治療歴のない進行期濾胞性リンパ腫患者に対する免疫調節薬レブラミド+ 抗CD20抗体薬リツキサン併用療法、リツキサン+化学療法に比べて無増悪生存期間(PFS)、120週時点における完全寛解率(CR)は同等である米国臨床腫瘍学会(ASCO 2018)より


  • [公開日]2018.06.27
  • [最終更新日]2019.02.15
この記事の3つのポイント
・RELEVANCE試験とは、治療歴のない進行期濾胞性リンパ腫患者に対してレブラミド+リツキサン併用療法とリツキサン+化学療法有効性を比較検証した第III相試験である
・本試験の主要評価項目である治療開始120週時点における完全寛解率(CR rate)または不確定完全寛解率(CRu rate)はレブラミド+リツキサン併用群48%に対してリツキサン+化学療法併用群53%、両群間に統計学的有意な差は確認されなかった
・本試験のもう1つの主要評価項目である無増悪生存期間PFS)もレブラミド+リツキサン併用群はリツキサン+化学療法併用群に対して臨床統計学的に未達、暫定解析結果では両群ほぼ同等の結果であった

2018年6月1日より5日までアメリカ合衆国・イリノイ州・シカゴで開催された米国臨床腫瘍学会(ASCO 2018)にて、治療歴のない進行期濾胞性リンパ腫患者に対する免疫調節薬(IMiDs)であるレナリドミド(商品名レブラミド;以下レブラミド)+抗CD20モノクローナル抗体薬であるリツキシマブ(商品名リツキサン;リツキサン)併用療法とリツキサン+化学療法の有効性を比較検証した第III相のRELEVANCE試験(NCT01650701)の結果がUniversity of Texas MD Anderson Cancer Center・Nathan Hale Fowler氏らにより公表された。

RELEVANCE試験とは、治療歴のない進行期濾胞性リンパ腫患者(N=1030人)に対してレブラミド+リツキサン併用療法を投与後にリツキサン維持療法を投与する群(N=513人)、またはリツキサン+化学療法を投与後にリツキサン維持療法を投与する群(N=517人)に無作為に振り分け、主要評価項目として治療開始120週時点における完全寛解率(CR rate)または不確定完全寛解率(CRu rate)、無増悪生存期間(PFS)を比較検証した第III相試験である。
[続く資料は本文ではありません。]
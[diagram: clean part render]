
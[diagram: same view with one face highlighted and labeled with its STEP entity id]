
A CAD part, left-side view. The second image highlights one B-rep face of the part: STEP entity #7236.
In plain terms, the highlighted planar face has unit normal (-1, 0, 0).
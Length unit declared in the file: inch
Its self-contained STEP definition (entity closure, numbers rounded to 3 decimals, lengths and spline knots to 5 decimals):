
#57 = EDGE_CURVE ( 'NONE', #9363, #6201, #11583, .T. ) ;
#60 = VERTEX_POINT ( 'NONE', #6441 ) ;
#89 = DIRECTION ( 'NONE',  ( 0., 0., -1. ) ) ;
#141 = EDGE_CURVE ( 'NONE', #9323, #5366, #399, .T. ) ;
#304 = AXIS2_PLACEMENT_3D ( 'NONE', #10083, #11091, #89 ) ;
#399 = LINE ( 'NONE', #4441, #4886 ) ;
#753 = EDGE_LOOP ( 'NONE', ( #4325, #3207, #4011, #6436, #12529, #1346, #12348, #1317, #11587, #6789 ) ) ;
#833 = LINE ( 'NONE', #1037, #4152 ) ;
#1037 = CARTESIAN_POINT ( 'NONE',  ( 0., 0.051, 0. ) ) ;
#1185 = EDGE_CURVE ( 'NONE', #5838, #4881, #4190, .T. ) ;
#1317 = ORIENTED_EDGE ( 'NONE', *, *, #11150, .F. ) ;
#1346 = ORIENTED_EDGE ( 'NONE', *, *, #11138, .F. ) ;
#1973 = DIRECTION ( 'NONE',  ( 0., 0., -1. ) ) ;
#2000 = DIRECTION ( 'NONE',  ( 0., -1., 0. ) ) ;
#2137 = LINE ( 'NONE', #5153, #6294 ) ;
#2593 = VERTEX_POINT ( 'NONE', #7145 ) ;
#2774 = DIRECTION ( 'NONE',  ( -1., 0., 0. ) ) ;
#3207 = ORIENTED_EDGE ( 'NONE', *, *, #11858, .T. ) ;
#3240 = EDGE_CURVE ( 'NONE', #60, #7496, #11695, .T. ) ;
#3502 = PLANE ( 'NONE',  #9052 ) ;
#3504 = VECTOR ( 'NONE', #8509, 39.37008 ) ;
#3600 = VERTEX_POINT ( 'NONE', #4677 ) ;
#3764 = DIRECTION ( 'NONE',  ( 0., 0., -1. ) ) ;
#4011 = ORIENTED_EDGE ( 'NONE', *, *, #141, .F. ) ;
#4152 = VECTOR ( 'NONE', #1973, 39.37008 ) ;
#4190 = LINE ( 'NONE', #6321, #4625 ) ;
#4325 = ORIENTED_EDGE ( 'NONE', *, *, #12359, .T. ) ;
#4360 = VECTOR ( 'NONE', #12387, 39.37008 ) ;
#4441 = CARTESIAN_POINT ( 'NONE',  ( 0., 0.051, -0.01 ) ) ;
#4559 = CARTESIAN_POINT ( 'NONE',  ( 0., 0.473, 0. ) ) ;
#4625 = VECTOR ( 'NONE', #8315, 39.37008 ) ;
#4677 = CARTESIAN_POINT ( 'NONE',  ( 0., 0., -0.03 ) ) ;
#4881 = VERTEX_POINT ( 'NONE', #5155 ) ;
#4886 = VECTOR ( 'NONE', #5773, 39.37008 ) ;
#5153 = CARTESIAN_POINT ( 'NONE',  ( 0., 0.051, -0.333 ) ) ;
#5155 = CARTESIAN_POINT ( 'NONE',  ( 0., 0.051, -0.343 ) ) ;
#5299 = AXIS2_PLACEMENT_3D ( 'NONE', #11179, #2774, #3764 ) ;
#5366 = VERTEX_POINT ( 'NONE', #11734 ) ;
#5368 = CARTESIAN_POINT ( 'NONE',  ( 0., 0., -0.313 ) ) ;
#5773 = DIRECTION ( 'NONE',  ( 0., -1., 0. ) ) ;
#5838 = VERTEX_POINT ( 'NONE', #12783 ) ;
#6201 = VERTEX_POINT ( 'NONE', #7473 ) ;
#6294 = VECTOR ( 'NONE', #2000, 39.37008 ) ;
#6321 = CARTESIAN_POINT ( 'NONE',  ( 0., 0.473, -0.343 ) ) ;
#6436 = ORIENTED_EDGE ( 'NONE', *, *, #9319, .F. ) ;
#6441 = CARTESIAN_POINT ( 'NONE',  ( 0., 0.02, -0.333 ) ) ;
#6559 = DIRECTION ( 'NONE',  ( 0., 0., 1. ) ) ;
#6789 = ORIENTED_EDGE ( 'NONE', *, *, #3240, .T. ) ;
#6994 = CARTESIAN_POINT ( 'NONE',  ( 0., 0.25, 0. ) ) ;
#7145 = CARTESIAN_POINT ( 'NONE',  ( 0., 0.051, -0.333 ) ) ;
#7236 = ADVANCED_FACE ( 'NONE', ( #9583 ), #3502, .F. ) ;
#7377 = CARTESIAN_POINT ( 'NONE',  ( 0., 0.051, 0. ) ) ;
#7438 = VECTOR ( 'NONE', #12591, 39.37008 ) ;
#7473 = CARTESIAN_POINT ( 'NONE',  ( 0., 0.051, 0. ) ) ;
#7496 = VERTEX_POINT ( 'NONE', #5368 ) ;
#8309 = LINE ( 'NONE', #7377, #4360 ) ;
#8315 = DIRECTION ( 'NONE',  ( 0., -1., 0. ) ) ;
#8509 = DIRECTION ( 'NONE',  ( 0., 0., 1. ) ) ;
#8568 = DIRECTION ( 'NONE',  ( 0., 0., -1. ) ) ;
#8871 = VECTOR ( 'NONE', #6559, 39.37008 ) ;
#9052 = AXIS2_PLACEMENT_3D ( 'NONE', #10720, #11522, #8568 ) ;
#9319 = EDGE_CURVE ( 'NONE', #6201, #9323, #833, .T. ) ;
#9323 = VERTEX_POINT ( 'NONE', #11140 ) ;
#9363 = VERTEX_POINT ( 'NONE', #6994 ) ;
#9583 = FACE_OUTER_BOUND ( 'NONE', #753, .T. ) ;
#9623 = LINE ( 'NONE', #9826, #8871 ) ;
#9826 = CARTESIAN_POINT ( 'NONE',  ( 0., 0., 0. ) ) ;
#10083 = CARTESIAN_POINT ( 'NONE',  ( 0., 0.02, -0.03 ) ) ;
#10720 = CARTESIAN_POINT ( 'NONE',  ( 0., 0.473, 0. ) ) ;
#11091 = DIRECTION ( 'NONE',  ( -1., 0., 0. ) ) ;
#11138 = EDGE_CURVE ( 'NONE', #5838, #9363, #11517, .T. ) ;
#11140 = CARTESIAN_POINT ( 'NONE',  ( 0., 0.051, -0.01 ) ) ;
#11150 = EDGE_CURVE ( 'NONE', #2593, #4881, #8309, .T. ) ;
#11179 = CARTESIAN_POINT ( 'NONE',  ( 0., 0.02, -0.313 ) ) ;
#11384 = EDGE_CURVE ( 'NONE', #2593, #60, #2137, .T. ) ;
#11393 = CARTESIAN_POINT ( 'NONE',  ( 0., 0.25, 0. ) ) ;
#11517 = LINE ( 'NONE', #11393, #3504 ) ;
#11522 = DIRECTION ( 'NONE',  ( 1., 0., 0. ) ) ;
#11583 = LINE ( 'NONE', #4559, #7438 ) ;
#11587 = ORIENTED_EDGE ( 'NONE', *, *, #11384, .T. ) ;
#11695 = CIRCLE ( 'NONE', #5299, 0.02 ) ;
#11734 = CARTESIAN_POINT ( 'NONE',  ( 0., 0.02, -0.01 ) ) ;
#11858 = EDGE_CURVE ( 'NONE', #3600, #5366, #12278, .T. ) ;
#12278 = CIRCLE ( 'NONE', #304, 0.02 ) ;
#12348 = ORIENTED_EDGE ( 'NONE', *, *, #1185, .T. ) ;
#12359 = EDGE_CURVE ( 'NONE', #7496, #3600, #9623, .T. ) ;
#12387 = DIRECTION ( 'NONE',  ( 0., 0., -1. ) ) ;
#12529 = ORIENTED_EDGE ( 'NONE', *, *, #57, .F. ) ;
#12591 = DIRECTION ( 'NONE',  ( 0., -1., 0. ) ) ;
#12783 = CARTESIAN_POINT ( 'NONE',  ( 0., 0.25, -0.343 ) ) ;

なお、リツキサン+化学療法の内訳としてはR-CHOP併用療法(シクロホスファミド、ドキソルビシンビンクリスチン、プレドニゾロン)が72%、R-B併用療法(ベンダムスチン)が23%、R-CVP併用療法(シクロホスファミド、ビンクリスチン、プレドニゾロン)が5%であった。

本試験のフォローアップ期間中央値37.9ヶ月時点における結果、主要評価項目である治療開始120週時点における完全寛解率(CR rate)または不確定完全寛解率(CRu rate)はレブラミド+リツキサン併用群48%に対してリツキサン+化学療法併用群53%、両群間に統計学的有意な差は確認されなかった(P=0.13)。

また、もう1つの主要評価項目である無増悪生存期間(PFS)は暫定であり、レブラミド+リツキサン併用群はリツキサン+化学療法併用群に対してほぼ同等の結果である(ハザード比:1.10 ,95%信頼区間:0.85-1.43,P=0.48)。

なお、2年無増悪生存率PFS rate)はレブラミド+リツキサン併用群84%に対してリツキサン+化学療法併用群87%、3年無増悪生存率(PFS rate)はレブラミド+リツキサン併用群77%に対してリツキサン+化学療法併用群78%である。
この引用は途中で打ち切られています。